Governor Newsom’s recent rhetoric on California gas prices hasn’t aged well.
“Greed and manipulation, that’s all this is,” he said.
CalMatters columnist Dan Walters couldn’t let that stand. The longtime statehouse journalist pushed back in his October 11 commentary:
“Newsom is only the latest governor to promise a crackdown on oil companies when pump prices spike. Over the years, there have been numerous investigations into why California’s prices are markedly higher than those of other states, but there’s never been any conclusive proof of collusion.
Rather, it’s been repeatedly demonstrated that California’s relatively high gas prices are largely, if not completely, explainable by unique factors such as the state’s particular refining recipe meant to minimize smog-producing emissions, its high taxes, and its overall high cost of doing business.”
Others joined the fact check chorus.
“The real issue is you’ve lost several hundred thousand barrels a day of refining capacity. And to make up that supply, people are having to shift supplies from other parts of the nation, and that just costs money.”
Valero, a refinery operator in California and four other states, noted in a letter to the state’s Energy Commission that energy policies in the Golden State have created the conditions for price spikes at the pump.
The company wrote that “California policymakers have knowingly adopted policies with the expressed intent of eliminating the refinery sector” and explained in detail how “California is the most challenging market to serve in the United States” given its isolation, environmental requirements, and restrictions against increasing refinery capacity.

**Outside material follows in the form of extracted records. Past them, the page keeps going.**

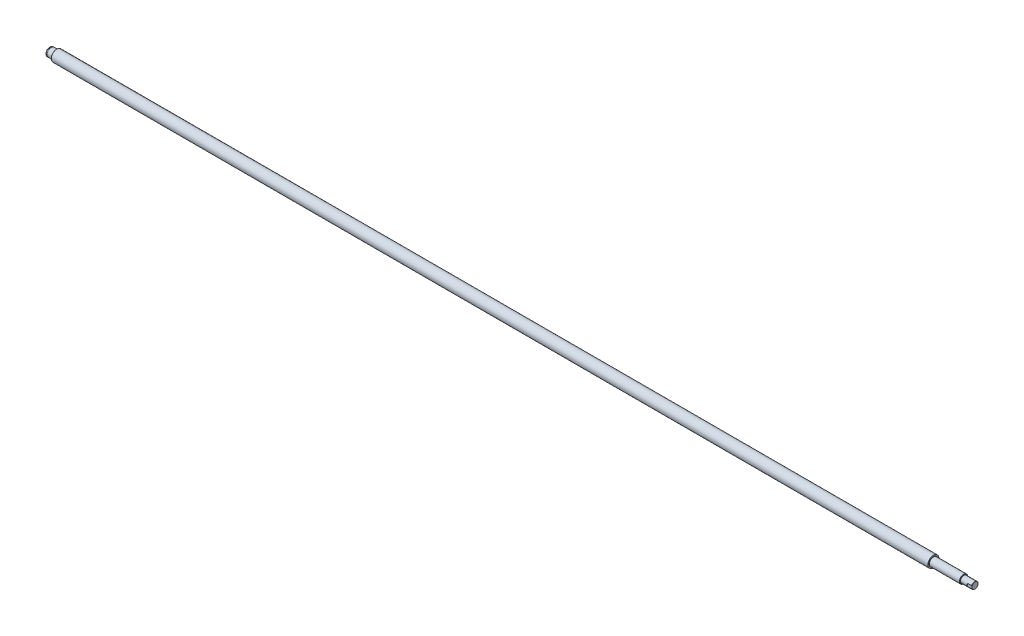
ISO-10303-21;
HEADER;
FILE_DESCRIPTION(('STEP AP214'),'2;1');
FILE_NAME('part.step','',(''),(''),'','','');
FILE_SCHEMA(('AUTOMOTIVE_DESIGN { 1 0 10303 214 1 1 1 1 }'));
ENDSEC;
DATA;
#1=APPLICATION_CONTEXT('core data for automotive mechanical design processes');
#2=APPLICATION_PROTOCOL_DEFINITION('international standard','automotive_design',2000,#1);
#3=PRODUCT_CONTEXT('',#1,'mechanical');
#4=PRODUCT('Part','Part','',(#3));
#5=PRODUCT_RELATED_PRODUCT_CATEGORY('part','',(#4));
#6=PRODUCT_DEFINITION_FORMATION('','',#4);
#7=PRODUCT_DEFINITION_CONTEXT('part definition',#1,'design');
#8=PRODUCT_DEFINITION('design','',#6,#7);
#9=PRODUCT_DEFINITION_SHAPE('','',#8);
#10=(LENGTH_UNIT() NAMED_UNIT(*) SI_UNIT(.MILLI.,.METRE.));
#11=(NAMED_UNIT(*) PLANE_ANGLE_UNIT() SI_UNIT($,.RADIAN.));
#12=(NAMED_UNIT(*) SI_UNIT($,.STERADIAN.) SOLID_ANGLE_UNIT());
#13=UNCERTAINTY_MEASURE_WITH_UNIT(LENGTH_MEASURE(1.E-05),#10,'distance_accuracy_value','');
#14=(GEOMETRIC_REPRESENTATION_CONTEXT(3) GLOBAL_UNCERTAINTY_ASSIGNED_CONTEXT((#13)) GLOBAL_UNIT_ASSIGNED_CONTEXT((#10,
#11,#12)) REPRESENTATION_CONTEXT('',''));
#15=CARTESIAN_POINT('',(0.,0.,0.));
#16=DIRECTION('',(0.,0.,1.));
#17=DIRECTION('',(1.,0.,0.));
#18=AXIS2_PLACEMENT_3D('',#15,#16,#17);
#19=CARTESIAN_POINT('',(0.,3.5,0.));
#20=DIRECTION('',(-1.,0.,0.));
#21=DIRECTION('',(0.,0.,1.));
#22=AXIS2_PLACEMENT_3D('',#19,#20,#21);
#23=PLANE('',#22);
#24=CARTESIAN_POINT('',(0.,0.,0.));
#25=DIRECTION('',(1.,0.,0.));
#26=DIRECTION('',(0.,0.,-1.));
#27=AXIS2_PLACEMENT_3D('',#24,#25,#26);
#28=CIRCLE('',#27,7.);
#29=CARTESIAN_POINT('',(0.,0.,-7.));
#30=VERTEX_POINT('',#29);
#31=EDGE_CURVE('E175',#30,#30,#28,.T.);
#32=ORIENTED_EDGE('',*,*,#31,.F.);
#33=EDGE_LOOP('',(#32));
#34=FACE_BOUND('',#33,.T.);
#35=ADVANCED_FACE('F17',(#34),#23,.T.);
#36=CARTESIAN_POINT('',(0.499999999999999,0.,0.));
#37=DIRECTION('',(1.,0.,0.));
#38=DIRECTION('',(0.,0.,-1.));
#39=AXIS2_PLACEMENT_3D('',#36,#37,#38);
#40=CONICAL_SURFACE('',#39,7.5,0.785398163397448);
#41=ORIENTED_EDGE('',*,*,#31,.T.);
#42=EDGE_LOOP('',(#41));
#43=FACE_BOUND('',#42,.T.);
#44=CARTESIAN_POINT('',(0.5,0.,0.));
#45=DIRECTION('',(1.,0.,0.));
#46=DIRECTION('',(0.,0.,-1.));
#47=AXIS2_PLACEMENT_3D('',#44,#45,#46);
#48=CIRCLE('',#47,7.5);
#49=CARTESIAN_POINT('',(0.5,0.,-7.5));
#50=VERTEX_POINT('',#49);
#51=EDGE_CURVE('E173',#50,#50,#48,.T.);
#52=ORIENTED_EDGE('',*,*,#51,.F.);
#53=EDGE_LOOP('',(#52));
#54=FACE_BOUND('',#53,.T.);
#55=ADVANCED_FACE('F208',(#43,#54),#40,.T.);
#56=CARTESIAN_POINT('',(1.17499999999984,0.,0.));
#57=DIRECTION('',(1.,0.,0.));
#58=DIRECTION('',(0.,0.,-1.));
#59=AXIS2_PLACEMENT_3D('',#56,#57,#58);
#60=CYLINDRICAL_SURFACE('',#59,7.5);
#61=ORIENTED_EDGE('',*,*,#51,.T.);
#62=EDGE_LOOP('',(#61));
#63=FACE_BOUND('',#62,.T.);
#64=CARTESIAN_POINT('',(1.84999999999968,0.,0.));
#65=DIRECTION('',(1.,0.,0.));
#66=DIRECTION('',(0.,0.,-1.));
#67=AXIS2_PLACEMENT_3D('',#64,#65,#66);
#68=CIRCLE('',#67,7.5);
#69=CARTESIAN_POINT('',(1.84999999999968,0.,-7.5));
#70=VERTEX_POINT('',#69);
#71=EDGE_CURVE('E89',#70,#70,#68,.T.);
#72=ORIENTED_EDGE('',*,*,#71,.F.);
#73=EDGE_LOOP('',(#72));
#74=FACE_BOUND('',#73,.T.);
#75=ADVANCED_FACE('F206',(#63,#74),#60,.T.);
#76=CARTESIAN_POINT('',(1670.,2.75,0.));
#77=DIRECTION('',(1.,0.,0.));
#78=DIRECTION('',(0.,0.,-1.));
#79=AXIS2_PLACEMENT_3D('',#76,#77,#78);
#80=PLANE('',#79);
#81=CARTESIAN_POINT('',(1670.00000000007,0.,0.));
#82=DIRECTION('',(-1.,0.,0.));
#83=DIRECTION('',(0.,0.,1.));
#84=AXIS2_PLACEMENT_3D('',#81,#82,#83);
#85=CIRCLE('',#84,5.49999999998363);
#86=CARTESIAN_POINT('',(1670.00000000006,0.,5.49999999999181));
#87=VERTEX_POINT('',#86);
#88=EDGE_CURVE('E73',#87,#87,#85,.T.);
#89=ORIENTED_EDGE('',*,*,#88,.F.);
#90=EDGE_LOOP('',(#89));
#91=FACE_BOUND('',#90,.T.);
#92=ADVANCED_FACE('F201',(#91),#80,.T.);
#93=CARTESIAN_POINT('',(1.84999999999984,7.325,0.));
#94=DIRECTION('',(1.,9.08479640721843E-13,0.));
#95=DIRECTION('',(-9.08479640721843E-13,1.,0.));
#96=AXIS2_PLACEMENT_3D('',#93,#94,#95);
#97=PLANE('',#96);
#98=CARTESIAN_POINT('',(1.85,0.,0.));
#99=DIRECTION('',(1.,0.,0.));
#100=DIRECTION('',(0.,0.,-1.));
#101=AXIS2_PLACEMENT_3D('',#98,#99,#100);
#102=CIRCLE('',#101,7.15);
#103=CARTESIAN_POINT('',(1.85,0.,-7.15));
#104=VERTEX_POINT('',#103);
#105=EDGE_CURVE('E80',#104,#104,#102,.T.);
#106=ORIENTED_EDGE('',*,*,#105,.F.);
#107=EDGE_LOOP('',(#106));
#108=FACE_BOUND('',#107,.T.);
#109=ORIENTED_EDGE('',*,*,#71,.T.);
#110=EDGE_LOOP('',(#109));
#111=FACE_BOUND('',#110,.T.);
#112=ADVANCED_FACE('F197',(#108,#111),#97,.T.);
#113=CARTESIAN_POINT('',(1662.,0.,0.));
#114=DIRECTION('',(1.,0.,0.));
#115=DIRECTION('',(0.,0.,-1.));
#116=AXIS2_PLACEMENT_3D('',#113,#114,#115);
#117=PLANE('',#116);
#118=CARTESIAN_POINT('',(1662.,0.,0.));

The letter put the blame for high gas prices on years of policymaker decisions, concluding:
“California cannot mandate a unique fuel that is not [readily available] outside of the West Coast and then burden or eliminate California refining capacity and expect to have robust fuel supplies.”
Valero also noted that claims of price manipulation haven’t stood up in court, pointing out how a federal judge “yet again” threw out a case alleging price conspiracies by the fuel industry, finding no basis for the allegations.
Separately, three energy experts who sat on the state’s Petroleum Market Advisory Committee in 2015 told the Los Angeles Times that the recent price spikes at the pump are due to poor planning by policymakers, not coordinated manipulation by oil companies.
One said the current crisis should serve as an “early warning” for officials, arguing simply: “The state has set aspirational goals for the energy transition, but it’s not very well planned.”
Severin Borenstein, the director of the Energy Institute at the University of California at Berkeley, agreed: “We’ve got to make longer-run plans and not just wait until the crisis is upon us.”
The third, Amy Myers Jaffe, a former executive director for energy and sustainability at UC Davis, said gas price volatility is the result of the state pushing to shut down its current energy infrastructure too quickly:
“Do I have the new infrastructure fast enough before I retire the old infrastructure, and what happens if you’re in the middle? … The way we’re doing it now is you just let the fuel costs go up and then we leave poor people with no ability to get anywhere. And then [politicians] grandstand against the oil companies — that’s not a solution.”
Governor Newsom could take responsibility for his failed energy policies, listen to the experts, and correct course. Instead, he’s scapegoating – and Californians are paying the price.
We need solutions, but right now it’s clear Newsom only cares about rhetoric.